Fe and N Functionalized-Ordered Mesoporous Carbon with Different Morphologies: Role of Fe on Surface Properties and Electrocatalytic Activity

Because of their high energy conversion efficiency, low pollution, low operating temperature, high power density, and wide range of applications, fuel cells have received a plethora of attention. Oxygen reduction reaction (ORR) takes place usually on Pt loaded on different carbon supports, but their large-scale commercial application has been precluded mainly by the high cost of the requisite noble metal. To overcome all the drawbacks of Pt or Pt-based catalysts, various efforts have been devoted to find its proper substitute. Heteroatom-doped carbon catalysts, due to their high stability, excellent electrocatalytic performance, and economic viability over costly Pt-based catalysts are being pioneered as a suitable alternative.
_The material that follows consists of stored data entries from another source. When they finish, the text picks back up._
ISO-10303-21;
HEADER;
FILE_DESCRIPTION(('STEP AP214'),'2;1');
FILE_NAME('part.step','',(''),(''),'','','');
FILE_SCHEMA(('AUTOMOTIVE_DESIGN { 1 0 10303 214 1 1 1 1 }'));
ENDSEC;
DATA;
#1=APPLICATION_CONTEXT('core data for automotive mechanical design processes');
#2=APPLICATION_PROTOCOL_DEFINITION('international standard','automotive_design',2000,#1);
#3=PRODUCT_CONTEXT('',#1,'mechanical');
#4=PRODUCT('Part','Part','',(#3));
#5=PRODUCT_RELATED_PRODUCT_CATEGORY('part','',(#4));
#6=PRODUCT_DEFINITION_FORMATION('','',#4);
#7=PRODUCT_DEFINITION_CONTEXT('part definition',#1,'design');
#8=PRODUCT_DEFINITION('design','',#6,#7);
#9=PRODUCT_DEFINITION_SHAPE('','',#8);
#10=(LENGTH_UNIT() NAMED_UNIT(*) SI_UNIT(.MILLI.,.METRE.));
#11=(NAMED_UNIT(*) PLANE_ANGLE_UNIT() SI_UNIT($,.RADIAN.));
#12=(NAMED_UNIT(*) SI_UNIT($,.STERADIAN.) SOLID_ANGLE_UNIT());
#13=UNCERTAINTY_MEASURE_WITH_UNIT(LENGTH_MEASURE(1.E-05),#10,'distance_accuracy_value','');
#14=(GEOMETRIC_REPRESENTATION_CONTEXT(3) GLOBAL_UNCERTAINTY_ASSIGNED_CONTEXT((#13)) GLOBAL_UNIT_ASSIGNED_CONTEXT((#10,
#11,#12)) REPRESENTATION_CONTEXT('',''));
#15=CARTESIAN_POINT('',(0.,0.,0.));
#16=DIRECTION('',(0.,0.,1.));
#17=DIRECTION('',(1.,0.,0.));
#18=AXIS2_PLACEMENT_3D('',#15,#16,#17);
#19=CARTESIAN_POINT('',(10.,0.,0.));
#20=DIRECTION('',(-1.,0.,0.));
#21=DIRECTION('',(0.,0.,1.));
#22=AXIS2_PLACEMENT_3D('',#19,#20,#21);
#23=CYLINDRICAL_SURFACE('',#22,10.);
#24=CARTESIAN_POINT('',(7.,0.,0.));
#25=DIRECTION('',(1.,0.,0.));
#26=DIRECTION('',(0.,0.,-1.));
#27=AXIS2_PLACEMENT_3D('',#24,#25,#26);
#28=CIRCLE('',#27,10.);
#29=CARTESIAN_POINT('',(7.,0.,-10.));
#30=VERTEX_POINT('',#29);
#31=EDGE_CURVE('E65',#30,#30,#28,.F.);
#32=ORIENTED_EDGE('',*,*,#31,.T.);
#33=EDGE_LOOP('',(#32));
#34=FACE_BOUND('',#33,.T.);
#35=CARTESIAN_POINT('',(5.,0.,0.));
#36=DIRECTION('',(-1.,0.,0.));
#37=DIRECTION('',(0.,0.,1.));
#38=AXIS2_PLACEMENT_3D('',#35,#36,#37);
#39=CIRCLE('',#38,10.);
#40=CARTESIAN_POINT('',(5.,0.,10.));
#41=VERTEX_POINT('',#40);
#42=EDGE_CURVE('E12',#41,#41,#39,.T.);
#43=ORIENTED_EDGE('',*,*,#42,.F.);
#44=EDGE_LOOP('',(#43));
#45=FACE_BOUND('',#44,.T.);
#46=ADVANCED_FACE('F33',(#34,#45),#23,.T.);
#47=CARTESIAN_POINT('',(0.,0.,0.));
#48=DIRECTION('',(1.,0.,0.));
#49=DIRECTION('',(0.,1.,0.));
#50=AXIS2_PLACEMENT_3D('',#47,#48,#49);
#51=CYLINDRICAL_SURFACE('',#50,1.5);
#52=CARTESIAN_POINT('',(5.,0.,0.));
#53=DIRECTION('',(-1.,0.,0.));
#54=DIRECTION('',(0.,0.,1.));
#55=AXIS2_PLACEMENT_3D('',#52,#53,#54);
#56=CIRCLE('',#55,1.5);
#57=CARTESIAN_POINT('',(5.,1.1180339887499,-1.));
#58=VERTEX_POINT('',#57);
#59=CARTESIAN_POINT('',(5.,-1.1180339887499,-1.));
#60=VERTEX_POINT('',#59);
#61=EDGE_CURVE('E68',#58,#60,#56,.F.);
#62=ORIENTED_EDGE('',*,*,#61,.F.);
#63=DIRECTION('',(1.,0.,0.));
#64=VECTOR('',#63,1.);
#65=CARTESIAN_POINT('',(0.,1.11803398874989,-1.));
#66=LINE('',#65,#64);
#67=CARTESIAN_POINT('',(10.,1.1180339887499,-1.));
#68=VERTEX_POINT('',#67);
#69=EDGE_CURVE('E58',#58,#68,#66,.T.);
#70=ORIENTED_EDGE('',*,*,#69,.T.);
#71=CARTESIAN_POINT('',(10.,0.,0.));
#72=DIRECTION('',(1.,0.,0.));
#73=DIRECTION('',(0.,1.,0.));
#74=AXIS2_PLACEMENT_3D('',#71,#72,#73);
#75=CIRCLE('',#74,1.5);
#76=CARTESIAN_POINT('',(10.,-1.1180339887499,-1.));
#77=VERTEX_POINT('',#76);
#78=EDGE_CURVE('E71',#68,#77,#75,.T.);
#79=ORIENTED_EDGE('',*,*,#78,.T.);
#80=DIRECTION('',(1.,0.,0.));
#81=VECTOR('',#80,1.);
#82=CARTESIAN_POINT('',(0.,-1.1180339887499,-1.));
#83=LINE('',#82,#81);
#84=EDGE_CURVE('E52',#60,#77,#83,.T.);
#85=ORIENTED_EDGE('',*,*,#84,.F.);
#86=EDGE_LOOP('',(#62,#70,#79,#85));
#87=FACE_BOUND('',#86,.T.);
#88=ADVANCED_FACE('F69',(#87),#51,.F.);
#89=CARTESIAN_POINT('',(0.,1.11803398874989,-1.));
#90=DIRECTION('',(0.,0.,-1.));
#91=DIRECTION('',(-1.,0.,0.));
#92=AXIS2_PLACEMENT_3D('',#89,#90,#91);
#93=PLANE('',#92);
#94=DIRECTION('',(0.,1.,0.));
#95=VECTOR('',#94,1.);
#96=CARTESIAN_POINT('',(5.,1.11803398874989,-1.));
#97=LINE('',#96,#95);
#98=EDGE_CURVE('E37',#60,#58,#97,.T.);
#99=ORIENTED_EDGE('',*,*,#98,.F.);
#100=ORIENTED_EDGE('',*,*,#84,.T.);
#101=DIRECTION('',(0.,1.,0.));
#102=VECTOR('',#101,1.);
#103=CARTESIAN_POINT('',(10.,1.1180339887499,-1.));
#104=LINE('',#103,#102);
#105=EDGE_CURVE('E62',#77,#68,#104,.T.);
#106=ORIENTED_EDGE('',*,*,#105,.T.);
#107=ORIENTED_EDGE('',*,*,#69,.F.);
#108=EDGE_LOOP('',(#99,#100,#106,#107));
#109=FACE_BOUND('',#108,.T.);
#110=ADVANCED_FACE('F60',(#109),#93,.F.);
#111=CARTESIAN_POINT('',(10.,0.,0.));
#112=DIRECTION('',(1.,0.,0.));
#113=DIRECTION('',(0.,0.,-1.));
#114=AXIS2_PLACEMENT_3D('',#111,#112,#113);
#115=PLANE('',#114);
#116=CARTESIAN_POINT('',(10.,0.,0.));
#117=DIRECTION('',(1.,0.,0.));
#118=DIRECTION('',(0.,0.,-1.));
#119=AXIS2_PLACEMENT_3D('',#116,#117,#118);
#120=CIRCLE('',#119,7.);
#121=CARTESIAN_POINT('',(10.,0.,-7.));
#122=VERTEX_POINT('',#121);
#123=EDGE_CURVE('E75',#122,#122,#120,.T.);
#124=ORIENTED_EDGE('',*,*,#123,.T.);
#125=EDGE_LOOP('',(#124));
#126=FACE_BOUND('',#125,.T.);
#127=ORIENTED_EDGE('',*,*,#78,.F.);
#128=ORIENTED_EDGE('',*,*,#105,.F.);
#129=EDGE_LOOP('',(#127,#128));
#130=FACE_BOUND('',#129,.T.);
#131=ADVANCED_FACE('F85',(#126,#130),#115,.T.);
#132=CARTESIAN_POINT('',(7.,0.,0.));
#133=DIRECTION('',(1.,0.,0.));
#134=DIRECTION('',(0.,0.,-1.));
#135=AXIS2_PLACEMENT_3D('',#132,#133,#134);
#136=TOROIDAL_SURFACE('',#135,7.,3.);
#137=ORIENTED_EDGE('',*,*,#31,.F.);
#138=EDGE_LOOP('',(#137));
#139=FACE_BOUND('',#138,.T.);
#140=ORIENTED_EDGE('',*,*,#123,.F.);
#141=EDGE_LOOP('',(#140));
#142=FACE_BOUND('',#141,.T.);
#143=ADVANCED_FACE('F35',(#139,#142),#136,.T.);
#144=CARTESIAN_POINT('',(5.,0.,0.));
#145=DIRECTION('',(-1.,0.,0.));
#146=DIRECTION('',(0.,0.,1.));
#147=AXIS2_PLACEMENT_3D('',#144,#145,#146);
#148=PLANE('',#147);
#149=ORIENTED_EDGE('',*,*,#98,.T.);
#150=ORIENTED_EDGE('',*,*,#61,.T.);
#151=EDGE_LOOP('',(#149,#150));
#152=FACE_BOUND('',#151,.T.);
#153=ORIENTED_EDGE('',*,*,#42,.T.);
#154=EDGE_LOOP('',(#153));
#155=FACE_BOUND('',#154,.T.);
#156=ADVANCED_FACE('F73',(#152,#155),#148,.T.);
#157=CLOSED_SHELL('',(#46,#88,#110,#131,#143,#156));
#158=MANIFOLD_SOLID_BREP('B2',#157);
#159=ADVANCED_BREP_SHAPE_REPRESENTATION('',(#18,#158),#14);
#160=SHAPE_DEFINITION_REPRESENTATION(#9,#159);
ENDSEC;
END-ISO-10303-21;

Although heteroatom-doped porous carbon materials have evolved as one of best possible solutions in this regard, the probable synergy of heteroatom doping and textural properties has not been well investigated yet in details. In this work, a detailed investigation is carried out on Fe and N-functionalized ordered mesoporous carbon (FeN-OMC) as electrocatalyst ORR in both alkaline and acidic media. The FeN-OMCs with different morphology are synthesized by pyrolysis of iron phthalocyanine-infiltrated corresponding SBA-15 silica templates. The as-synthesized FeN-OMC materials show excellent electrocatalytic ORR activity with nearly four electron transfer process. While the activity in alkaline media is nearly equal to or better than commercial Pt catalyst in terms of onset potential and diffusion-limited current density, it closely follows in acidic media, which is a tremendous achievement for non-precious metal catalysts developed till date. The most interesting observation is that not only heteroatom, but textural properties also affect catalytic activity profoundly. The physical presence of Fe species may be necessary in the synthesis of active heteroatom-doped carbon for high ORR activity, but may be not necessary any more for the as-prepared doped carbon to play as electrocatalyst for ORR.  Despite of being prepared with similar Fe and N content, the catalytic ability of FeN-OMC materials is gradually increased with decrease in mesopore channel length with maximum activity in thin platelet FeN-OMC. These observations demonstrate that structural morphology in addition to heteroatom and other textural properties, has significant synergistic influence on ORR catalysis in heteroatom-doped carbon materials.